Jonas bezieht in seinen Überlegungen die außermenschliche Natur mit ein und spricht ihr einen Eigenwert zu. Gleichzeitig ist sie aber dem Menschen gegenüber schwach und verletzlich. Die gefährdete und verletzliche Natur hat laut Jonas einen Anspruch gegenüber dem Mächtigen. Sie nimmt diese in die Pflicht. Wenn es bisher das Mächtige und Überzeitliche war (Gott, Herrscher, Gesetz), das die Untertanen verpflichtet und zwang sich zu rechtfertigen, so wird nunmehr das Vergängliche, Zerbrechliche und Schwache zur Rechtfertigungsinstanz, vor der sich die Mächtigen zu verantworten haben.

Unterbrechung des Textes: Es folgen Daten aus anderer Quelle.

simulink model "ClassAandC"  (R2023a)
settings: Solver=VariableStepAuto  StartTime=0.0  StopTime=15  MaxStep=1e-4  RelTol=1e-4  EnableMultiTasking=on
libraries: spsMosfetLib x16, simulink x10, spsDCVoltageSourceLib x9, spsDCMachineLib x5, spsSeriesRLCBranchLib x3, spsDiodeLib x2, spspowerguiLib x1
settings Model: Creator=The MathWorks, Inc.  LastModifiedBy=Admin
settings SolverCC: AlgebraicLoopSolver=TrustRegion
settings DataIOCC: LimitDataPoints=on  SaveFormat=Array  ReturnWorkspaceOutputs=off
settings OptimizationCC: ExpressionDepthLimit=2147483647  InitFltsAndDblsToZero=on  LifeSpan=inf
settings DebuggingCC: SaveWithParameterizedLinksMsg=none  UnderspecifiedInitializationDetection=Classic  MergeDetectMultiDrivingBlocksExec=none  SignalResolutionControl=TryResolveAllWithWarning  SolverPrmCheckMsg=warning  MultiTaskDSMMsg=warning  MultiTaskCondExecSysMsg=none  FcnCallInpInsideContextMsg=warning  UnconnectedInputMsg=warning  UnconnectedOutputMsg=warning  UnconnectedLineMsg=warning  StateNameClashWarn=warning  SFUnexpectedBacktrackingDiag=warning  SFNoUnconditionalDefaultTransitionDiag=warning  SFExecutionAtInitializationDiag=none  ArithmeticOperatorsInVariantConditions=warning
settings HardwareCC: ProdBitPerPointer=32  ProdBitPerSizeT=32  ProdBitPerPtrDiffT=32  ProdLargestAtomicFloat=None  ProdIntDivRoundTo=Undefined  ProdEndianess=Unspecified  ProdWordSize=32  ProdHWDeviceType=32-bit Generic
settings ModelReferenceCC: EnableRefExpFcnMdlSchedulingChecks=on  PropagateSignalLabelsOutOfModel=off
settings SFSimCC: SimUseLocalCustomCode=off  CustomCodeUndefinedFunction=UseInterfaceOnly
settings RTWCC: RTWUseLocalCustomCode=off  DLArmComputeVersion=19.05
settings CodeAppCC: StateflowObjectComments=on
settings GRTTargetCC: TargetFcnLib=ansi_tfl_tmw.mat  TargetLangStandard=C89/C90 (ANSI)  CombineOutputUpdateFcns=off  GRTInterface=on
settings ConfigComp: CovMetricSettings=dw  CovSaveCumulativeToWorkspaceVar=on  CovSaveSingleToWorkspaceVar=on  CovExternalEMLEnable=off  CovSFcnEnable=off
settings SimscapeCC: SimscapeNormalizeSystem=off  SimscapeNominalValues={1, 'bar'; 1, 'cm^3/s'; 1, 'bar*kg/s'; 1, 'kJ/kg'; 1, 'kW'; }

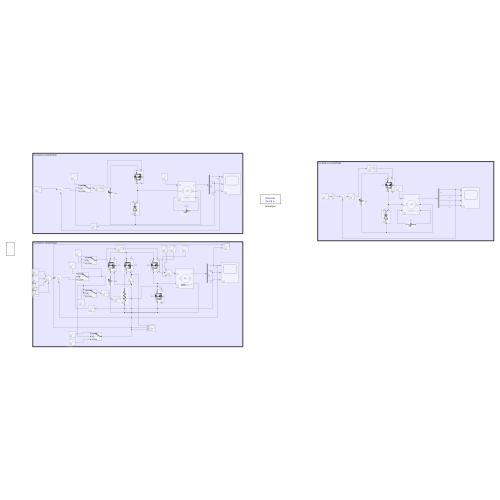
[thumbnail: Simulink's stored preview of the top-level diagram]
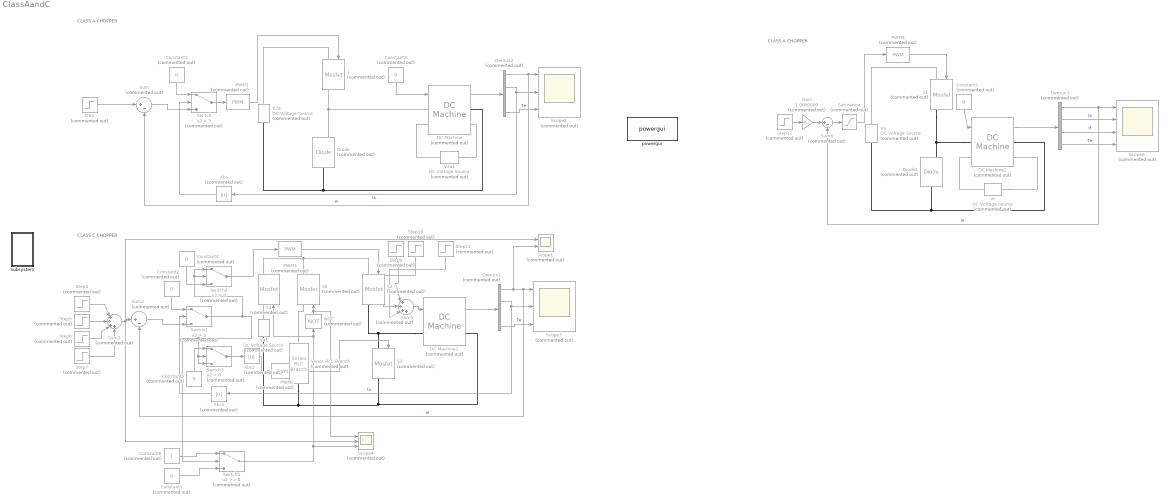
== system ClassAandC ==
  note: CLASS A CHOPPER
  note: CLASS C CHOPPER
  note: CLASS A CHOPPER
  1 : spsMosfetLib/Mosfet  Commented=on  Ron=0.1  Lon=0  Rd=0.01  Vfd=0  IC=0  Rs=1e5  Cs=inf  Measurements=on
  Abs : Abs  Commented=on  SaturateOnIntegerOverflow=off
  Abs1 : Abs  Commented=on  SaturateOnIntegerOverflow=off
  Abs2 : Abs  Commented=on  SaturateOnIntegerOverflow=off
  Constant{1..5,7..8} (7 alike) : Constant  Commented=on  Value=0
  Constant6 : Constant  Commented=on
  DC Machine : spsDCMachineLib/DC Machine  Commented=on  PresetModel=No  MechanicalLoad=Torque TL  FieldType=Wound  ShowDetailedParameters=on  MeasurementBus=off  RLa=[3 0.05]  RLf=[2.02 0.128]  Laf=0.1  MachineConstant=Back-emf constant (V/rpm)  Ke=0.029  Kt=0.27  J=0.012  Bm=0.0006  Tf=0.0958  w0=0  Ifinit=2.47524752475248  TsPowergui=0  TsBlock=-1
  DC Machine1 : spsDCMachineLib/DC Machine  Commented=on  PresetModel=No  MechanicalLoad=Torque TL  FieldType=Permanent magnet  ShowDetailedParameters=on  MeasurementBus=off  RLa=[3 0.05]  RLf=[2.02 0.128]  Laf=0.1  MachineConstant=Back-emf constant (V/rpm)  Ke=0.029  Kt=0.27  J=0.012  Bm=0.0006  Tf=0.0958  w0=0  Ifinit=2.47524752475248  TsPowergui=0  TsBlock=-1
  DC Machine2 : spsDCMachineLib/DC Machine  Commented=on  PresetModel=No  MechanicalLoad=Torque TL  FieldType=Wound  ShowDetailedParameters=on  MeasurementBus=off  RLa=[3 0.05]  RLf=[2.02 0.128]  Laf=0.1  MachineConstant=Back-emf constant (V/rpm)  Ke=0.029  Kt=0.27  J=0.012  Bm=0.0006  Tf=0.0958  w0=0  Ifinit=2.67326732673267  TsPowergui=0  TsBlock=-1
  Demux1 : Demux  Commented=on
  Demux2 : Demux  Commented=on
  Demux3 : Demux  Commented=on
  Diode : spsDiodeLib/Diode  Commented=on  Ron=0.001  Lon=0  Vf=0.8  IC=0  UseSnubber=0  Rs=0  Cs=0  Measurements=on
  Diode1 : spsDiodeLib/Diode  Commented=on  Ron=0.001  Lon=0  Vf=0.8  IC=0  UseSnubber=0  Rs=0  Cs=0  Measurements=on
  Gain : Gain  Commented=on  Gain=1.0000000
  NOT : Logic  Commented=on  Operator=NOT  IconShape=distinctive  AllPortsSameDT=off  OutDataTypeStr=boolean
  PWM{1..4} (4 alike) : simulink/Discontinuities/PWM  Commented=on  DisableCoverage=on  Period=5e-4  InitialDelay=0  DisallowZeroDutyCycle=off  RunAtFixedTimeIntervals=off  SampleTime=0.1
  S{1..5} (5 alike) : spsMosfetLib/Mosfet  Commented=on  Ron=0.1  Lon=0  Rd=0.01  Vfd=0  IC=0  Rs=1e5  Cs=inf  Measurements=on
  Saturation : Saturate  Commented=on  UpperLimit=100  LowerLimit=0
  Scope1 : Scope  Commented=on  NumInputPorts=2
  Scope2 : Scope  Commented=on  NumInputPorts=3
  Scope3 : Scope  Commented=on  NumInputPorts=3
  Scope4 : Scope  Commented=on  NumInputPorts=3
  Scope6 : Scope  Commented=on  NumInputPorts=4
  Series RLC Branch : spsSeriesRLCBranchLib/Series RLC Branch  Commented=on  LConnTagsString=__new0  RConnTagsString=__new0  BranchType=R  Resistance=100000  Inductance=1e-3  SetiL0=off  InitialCurrent=0  Capacitance=1e-6  Setx0=off  InitialVoltage=0  Measurements=None
  Step : Step  Commented=on  After=100  SampleTime=0
  Step10 : Step  Commented=on  Time=5  After=0.1  SampleTime=0
  Step11 : Step  Commented=on  Time=15  After=0.2  SampleTime=0
  Step12 : Step  Commented=on  After=100  SampleTime=0
  Step4 : Step  Commented=on  After=100  SampleTime=0
  Step5 : Step  Commented=on  Time=8  After=200  SampleTime=0
  Step6 : Step  Commented=on  Time=15  After=-150  SampleTime=0
  Step7 : Step  Commented=on  Time=25  After=-150  SampleTime=0
  Step9 : Step  Commented=on  Time=3  After=0.3  SampleTime=0
  Subsystem : Subsystem
  Sum : Sum  Commented=on  Inputs=|+-
  Sum2 : Sum  Commented=on  Inputs=|+-
  Sum3 : Sum  Commented=on  Inputs=|++++
  Sum5 : Sum  Commented=on  Inputs=|++++
  Sum6 : Sum  Commented=on  Inputs=|+-
  Switch : Switch  Commented=on  Criteria=u2 > Threshold  Threshold=3  SaturateOnIntegerOverflow=off  InputSameDT=off
  Switch1 : Switch  Commented=on  Criteria=u2 > Threshold  Threshold=3  SaturateOnIntegerOverflow=off  InputSameDT=off
  Switch2 : Switch  Commented=on  Criteria=u2 > Threshold  SaturateOnIntegerOverflow=off  InputSameDT=off
  Switch3 : Switch  Commented=on  Criteria=u2 > Threshold  SaturateOnIntegerOverflow=off  InputSameDT=off
  Switch4 : Switch  Commented=on  SaturateOnIntegerOverflow=off  InputSameDT=off
  V2a : spsDCVoltageSourceLib/DC Voltage Source  Commented=on  Amplitude=200  Measurements=None
  V2a1 : spsDCVoltageSourceLib/DC Voltage Source  Commented=on  Amplitude=200  Measurements=None
  Va : spsDCVoltageSourceLib/DC Voltage Source  Commented=on  Amplitude=85  Measurements=None
  Va1 : spsDCVoltageSourceLib/DC Voltage Source  Commented=on  Amplitude=200  Measurements=None
  Vt : spsDCVoltageSourceLib/DC Voltage Source  Commented=on  Amplitude=5.4  Measurements=None
  powergui : spspowerguiLib/powergui  SimulationMode=Discrete  SampleTime=20e-6  frequency=60  Iterations=50  frequencyindice=0  Pbase=100e6  ErrMax=1e-4  UnitsV=kV  UnitsW=MW  buscounter=0  FunctionMessages=off  echomessages=off  EnableUseOfTLC=off  CurrentSourceSwitches=off  DisableSnubberDevices=off  DisableRonSwitches=off  DisableVfSwitches=off  DisplayEquations=off  AutomaticDiscreteSolvers=off  SolverType=Tustin/Backward Euler (TBE)  Interpol=off  ExternalGateDelay=off  methode=off  Ts=100  x0status=blocks  SPID=on  SwTol=0  HookPort=off  NonlinearTolerance=1e-4  nMaxIteration=100  ContinueOnMaxIteration=off  RestoreLinks=warning  ResistiveCurrentMeasurement=off  Frange=[0:2:500]  Ylog=off  Xlog=on  ShowGrid=off  save=off  variable=ZData  structure=0  ZoomFFT=on  StartTime=0.0  cycles=1  DisplayStyle=1  fundamental=60  FreqAxis=off  MaxFrequency=1000  frequencyindicesteady=1  RmsSteady=1  display=off
  wires:
  Demux2/4 -> Scope2/3  "Te"
  Demux2/2 -> Scope2/2, Abs/1  "Ia"
  Demux2/1 -> Scope2/1, Sum/2  "w"
  DC Machine/1 -> Demux2/1
  PWM1/1 -> 1/1
  Constant3/1 -> Switch/1
  Switch/1 -> PWM1/1
  Sum/1 -> Switch/3
  Abs/1 -> Switch/2
  Step/1 -> Sum/1
  Step5/1 -> Sum3/2
  Sum3/1 -> Scope1/1, Scope4/2, Sum2/1
  Sum2/1 -> Switch1/3
  Step6/1 -> Sum3/3
  Step7/1 -> Sum3/4
  Constant2/1 -> Switch1/1
  Abs1/1 -> Switch1/2
  Demux1/4 -> Scope3/3  "Te"
  Demux1/1 -> Scope1/2, Scope3/1, Sum2/2  "w"
  Step4/1 -> Sum3/1
  DC Machine1/1 -> Demux1/1
  Demux1/2 -> Scope3/2, Abs1/1  "Ia"
  Switch1/1 -> Switch4/2, Switch3/3, Switch3/2, Switch2/1, Switch2/2
  Constant4/1 -> Switch2/3
  Switch2/1 -> PWM3/1
  Constant5/1 -> Switch3/1
  Switch3/1 -> Abs2/1
  PWM3/1 -> S2/1
  Abs2/1 -> PWM2/1
  PWM2/1 -> S3/1
  NOT/1 -> Scope4/1, S5/1
  Constant6/1 -> Switch4/1
  Constant7/1 -> Switch4/3
  Switch4/1 -> S4/1, NOT/1, Scope4/3
  Step9/1 -> Sum5/1
  Sum5/1 -> DC Machine1/1
  Step11/1 -> Sum5/3
  Step10/1 -> Sum5/2
  Demux3/2 -> Scope6/2  "Ia"
  DC Machine2/1 -> Demux3/1
  Demux3/4 -> Scope6/4  "Te"
  Demux3/3 -> Scope6/3  "If"
  PWM4/1 -> S1/1
  Demux3/1 -> Sum6/2, Scope6/1  "w"
  Constant1/1 -> DC Machine2/1
  Sum6/1 -> Saturation/1
  Saturation/1 -> PWM4/1
  Step12/1 -> Gain/1
  Gain/1 -> Sum6/1
  Constant8/1 -> DC Machine/1
  connections:
  1/RConn1 -- Diode/RConn1 -- DC Machine/LConn1
  Diode/LConn1 -- V2a/LConn1 -- DC Machine/RConn1
  1/LConn1 -- V2a/RConn1
  DC Machine1/LConn1 -- S2/RConn1 -- S3/LConn1
  DC Machine1/RConn1 -- Series RLC Branch/RConn1 -- Va1/LConn1 -- S3/RConn1
  S4/LConn1 -- Va1/RConn1
  S4/RConn1 -- S5/RConn1 -- S2/LConn1
  Series RLC Branch/LConn1 -- S5/LConn1
  DC Machine2/LConn1 -- S1/RConn1 -- Diode1/RConn1
  DC Machine2/RConn1 -- Va/LConn1 -- Diode1/LConn1
  S1/LConn1 -- Va/RConn1
  Vt/RConn1 -- DC Machine2/LConn2
  Vt/LConn1 -- DC Machine2/RConn2
  V2a1/LConn1 -- DC Machine/RConn2
  V2a1/RConn1 -- DC Machine/LConn2

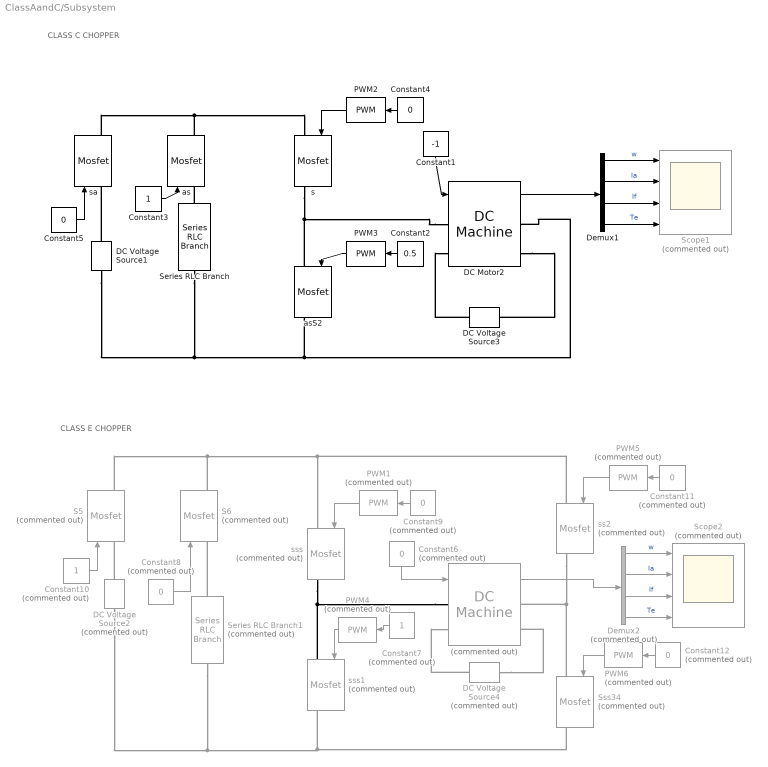
== system ClassAandC/Subsystem ==
  note: CLASS C CHOPPER
  note: CLASS E CHOPPER
  " " : spsDCMachineLib/DC Machine  Commented=on  PresetModel=No  MechanicalLoad=Torque TL  FieldType=Wound  ShowDetailedParameters=on  MeasurementBus=off  RLa=[3 0.05]  RLf=[2.02 0.128]  Laf=0.1  MachineConstant=Back-emf constant (V/rpm)  Ke=0.029  Kt=0.27  J=0.012  Bm=0.0006  Tf=0.0958  w0=0  Ifinit=2.67326732673267  TsPowergui=0  TsBlock=-1
  Constant1 : Constant  Value=-1
  Constant10 : Constant  Commented=on
  Constant{6,8..9,11..12} (5 alike) : Constant  Commented=on  Value=0
  Constant2 : Constant  Value=0.5
  Constant3 : Constant
  Constant4 : Constant  Value=0
  Constant5 : Constant  Value=0
  Constant7 : Constant  Commented=on
  DC Motor2 : spsDCMachineLib/DC Machine  PresetModel=No  MechanicalLoad=Torque TL  FieldType=Wound  ShowDetailedParameters=on  MeasurementBus=off  RLa=[3.1 0.05]  RLf=[2.02 0.128]  Laf=0.1  MachineConstant=Back-emf constant (V/rpm)  Ke=0.029  Kt=0.27  J=0.012  Bm=0.0006  Tf=0.0958  w0=0  Ifinit=2.67326732673267  TsPowergui=0  TsBlock=-1
  DC Voltage Source1 : spsDCVoltageSourceLib/DC Voltage Source  Amplitude=85  Measurements=None
  DC Voltage Source2 : spsDCVoltageSourceLib/DC Voltage Source  Commented=on  Amplitude=85  Measurements=None
  DC Voltage Source3 : spsDCVoltageSourceLib/DC Voltage Source  Amplitude=5.4  Measurements=None
  DC Voltage Source4 : spsDCVoltageSourceLib/DC Voltage Source  Commented=on  Amplitude=5.4  Measurements=None
  Demux1 : Demux
  Demux2 : Demux  Commented=on
  PWM{1,4..6} (4 alike) : simulink/Discontinuities/PWM  Commented=on  DisableCoverage=on  Period=5e-4  InitialDelay=0  DisallowZeroDutyCycle=off  RunAtFixedTimeIntervals=off  SampleTime=0.1
  PWM2 : simulink/Discontinuities/PWM  DisableCoverage=on  Period=5e-4  InitialDelay=0  DisallowZeroDutyCycle=off  RunAtFixedTimeIntervals=off  SampleTime=0.1
  PWM3 : simulink/Discontinuities/PWM  DisableCoverage=on  Period=5e-4  InitialDelay=0  DisallowZeroDutyCycle=off  RunAtFixedTimeIntervals=off  SampleTime=0.1
  S5 : spsMosfetLib/Mosfet  Commented=on  Ron=0.1  Lon=0  Rd=0.01  Vfd=0  IC=0  Rs=1e5  Cs=inf  Measurements=on
  S6 : spsMosfetLib/Mosfet  Commented=on  Ron=0.1  Lon=0  Rd=0.01  Vfd=0  IC=0  Rs=1e5  Cs=inf  Measurements=on
  Scope1 : Scope  Commented=on  NumInputPorts=4
  Scope2 : Scope  Commented=on  NumInputPorts=4
  Series RLC Branch : spsSeriesRLCBranchLib/Series RLC Branch  LConnTagsString=__new0  RConnTagsString=__new0  BranchType=R  Resistance=20  Inductance=1e-3  SetiL0=off  InitialCurrent=0  Capacitance=1e-6  Setx0=off  InitialVoltage=0  Measurements=None
  Series RLC Branch1 : spsSeriesRLCBranchLib/Series RLC Branch  Commented=on  LConnTagsString=__new0  RConnTagsString=__new0  BranchType=R  Resistance=20  Inductance=1e-3  SetiL0=off  InitialCurrent=0  Capacitance=1e-6  Setx0=off  InitialVoltage=0  Measurements=None
  Sss34 : spsMosfetLib/Mosfet  Commented=on  Ron=0.1  Lon=0  Rd=0.01  Vfd=0  IC=0  Rs=1e5  Cs=inf  Measurements=on
  as : spsMosfetLib/Mosfet  Ron=0.1  Lon=0  Rd=0.01  Vfd=0  IC=0  Rs=1e5  Cs=inf  Measurements=on
  asS2 : spsMosfetLib/Mosfet  Ron=0.1  Lon=0  Rd=0.01  Vfd=0  IC=0  Rs=1e5  Cs=inf  Measurements=on
  s : spsMosfetLib/Mosfet  Ron=0.1  Lon=0  Rd=0.01  Vfd=0  IC=0  Rs=1e5  Cs=inf  Measurements=on
  sa : spsMosfetLib/Mosfet  Ron=0.1  Lon=0  Rd=0.01  Vfd=0  IC=0  Rs=1e5  Cs=inf  Measurements=on
  ss2 : spsMosfetLib/Mosfet  Commented=on  Ron=0.1  Lon=0  Rd=0.01  Vfd=0  IC=0  Rs=1e5  Cs=inf  Measurements=on
  sss : spsMosfetLib/Mosfet  Commented=on  Ron=0.1  Lon=0  Rd=0.01  Vfd=0  IC=0  Rs=1e5  Cs=inf  Measurements=on
  sss1 : spsMosfetLib/Mosfet  Commented=on  Ron=0.1  Lon=0  Rd=0.01  Vfd=0  IC=0  Rs=1e5  Cs=inf  Measurements=on
  wires:
  DC Motor2/1 -> Demux1/1
  PWM2/1 -> s/1
  PWM3/1 -> asS2/1
  Constant1/1 -> DC Motor2/1
  Demux1/3 -> Scope1/3  "If"
  Demux1/2 -> Scope1/2  "Ia"
  Demux1/4 -> Scope1/4  "Te"
  Constant2/1 -> PWM3/1
  Demux1/1 -> Scope1/1  "w"
  Constant4/1 -> PWM2/1
  Constant3/1 -> as/1
  Constant5/1 -> sa/1
  Constant10/1 -> S5/1
  Constant8/1 -> S6/1
  Constant9/1 -> PWM1/1
  Demux2/1 -> Scope2/1  "w"
  Constant7/1 -> PWM4/1
  Demux2/4 -> Scope2/4  "Te"
  Demux2/2 -> Scope2/2  "Ia"
  Demux2/3 -> Scope2/3  "If"
  Constant6/1 -> " "/1
  PWM4/1 -> sss1/1
  PWM1/1 -> sss/1
  " "/1 -> Demux2/1
  PWM5/1 -> ss2/1
  Constant11/1 -> PWM5/1
  Constant12/1 -> PWM6/1
  PWM6/1 -> Sss34/1
  connections:
  DC Motor2/LConn1 -- asS2/LConn1 -- s/RConn1
  asS2/RConn1 -- Series RLC Branch/RConn1 -- DC Voltage Source1/LConn1 -- DC Motor2/RConn1
  sa/RConn1 -- as/RConn1 -- s/LConn1
  DC Voltage Source1/RConn1 -- sa/LConn1
  Series RLC Branch/LConn1 -- as/LConn1
  " "/LConn1 -- sss1/LConn1 -- sss/RConn1
  Series RLC Branch1/RConn1 -- DC Voltage Source2/LConn1 -- Sss34/RConn1 -- sss1/RConn1
  S5/RConn1 -- S6/RConn1 -- ss2/LConn1 -- sss/LConn1
  DC Voltage Source2/RConn1 -- S5/LConn1
  Series RLC Branch1/LConn1 -- S6/LConn1
  ss2/RConn1 -- Sss34/LConn1 -- " "/RConn1
  DC Voltage Source3/RConn1 -- DC Motor2/LConn2
  DC Voltage Source4/RConn1 -- " "/LConn2
  DC Voltage Source4/LConn1 -- " "/RConn2
  DC Motor2/RConn2 -- DC Voltage Source3/LConn1

Der Mensch wird immer mächtiger und trägt gleichzeitig auch immer mehr Verantwortung. Nie zuvor waren wir durch die Medien mit so vielen Geschehnissen und Problemen auf der Welt direkt konfrontiert. Die Flut an Informationen, die uns mit den scheinbar unlösbaren Problemen und Konflikten in dieser Welt konfrontieren, lassen wenig Lust aufkommen Verantwortung zu übernehmen. Ist unser Tun nicht von vorn herein zum Scheitern verurteilt?
Medienberichte wie die von Kiribati, können uns dabei helfen, Nähe und Mitgefühl für das „Unfassbare“ zu finden und somit unser Bewusstsein über den Klimawandel zu bestärken. Doch laufen wir dabei auch Gefahr, in der Masse der Schreckensgeschichten rund um den Klimawandel, zu ersticken.
Um das zu verhindern sollte "Verantwortung-Übernehmen" als einzigartige Fähigkeit erkannt werden, die uns nicht lähmen soll, sondern uns motiviert, in unserem jeweiligen Lebensraum kleine Schritte eines neuen Umgangs mit Natur und Umwelt zu wagen gemäß der alten afrikanischen Weisheit „viele kleine Leute in vielen kleinen Orten, die viele kleine Dinge tun, können das Gesicht der Welt verändern.“
Ein starker Satz – zur Begrüßung des Monsters an der Tür!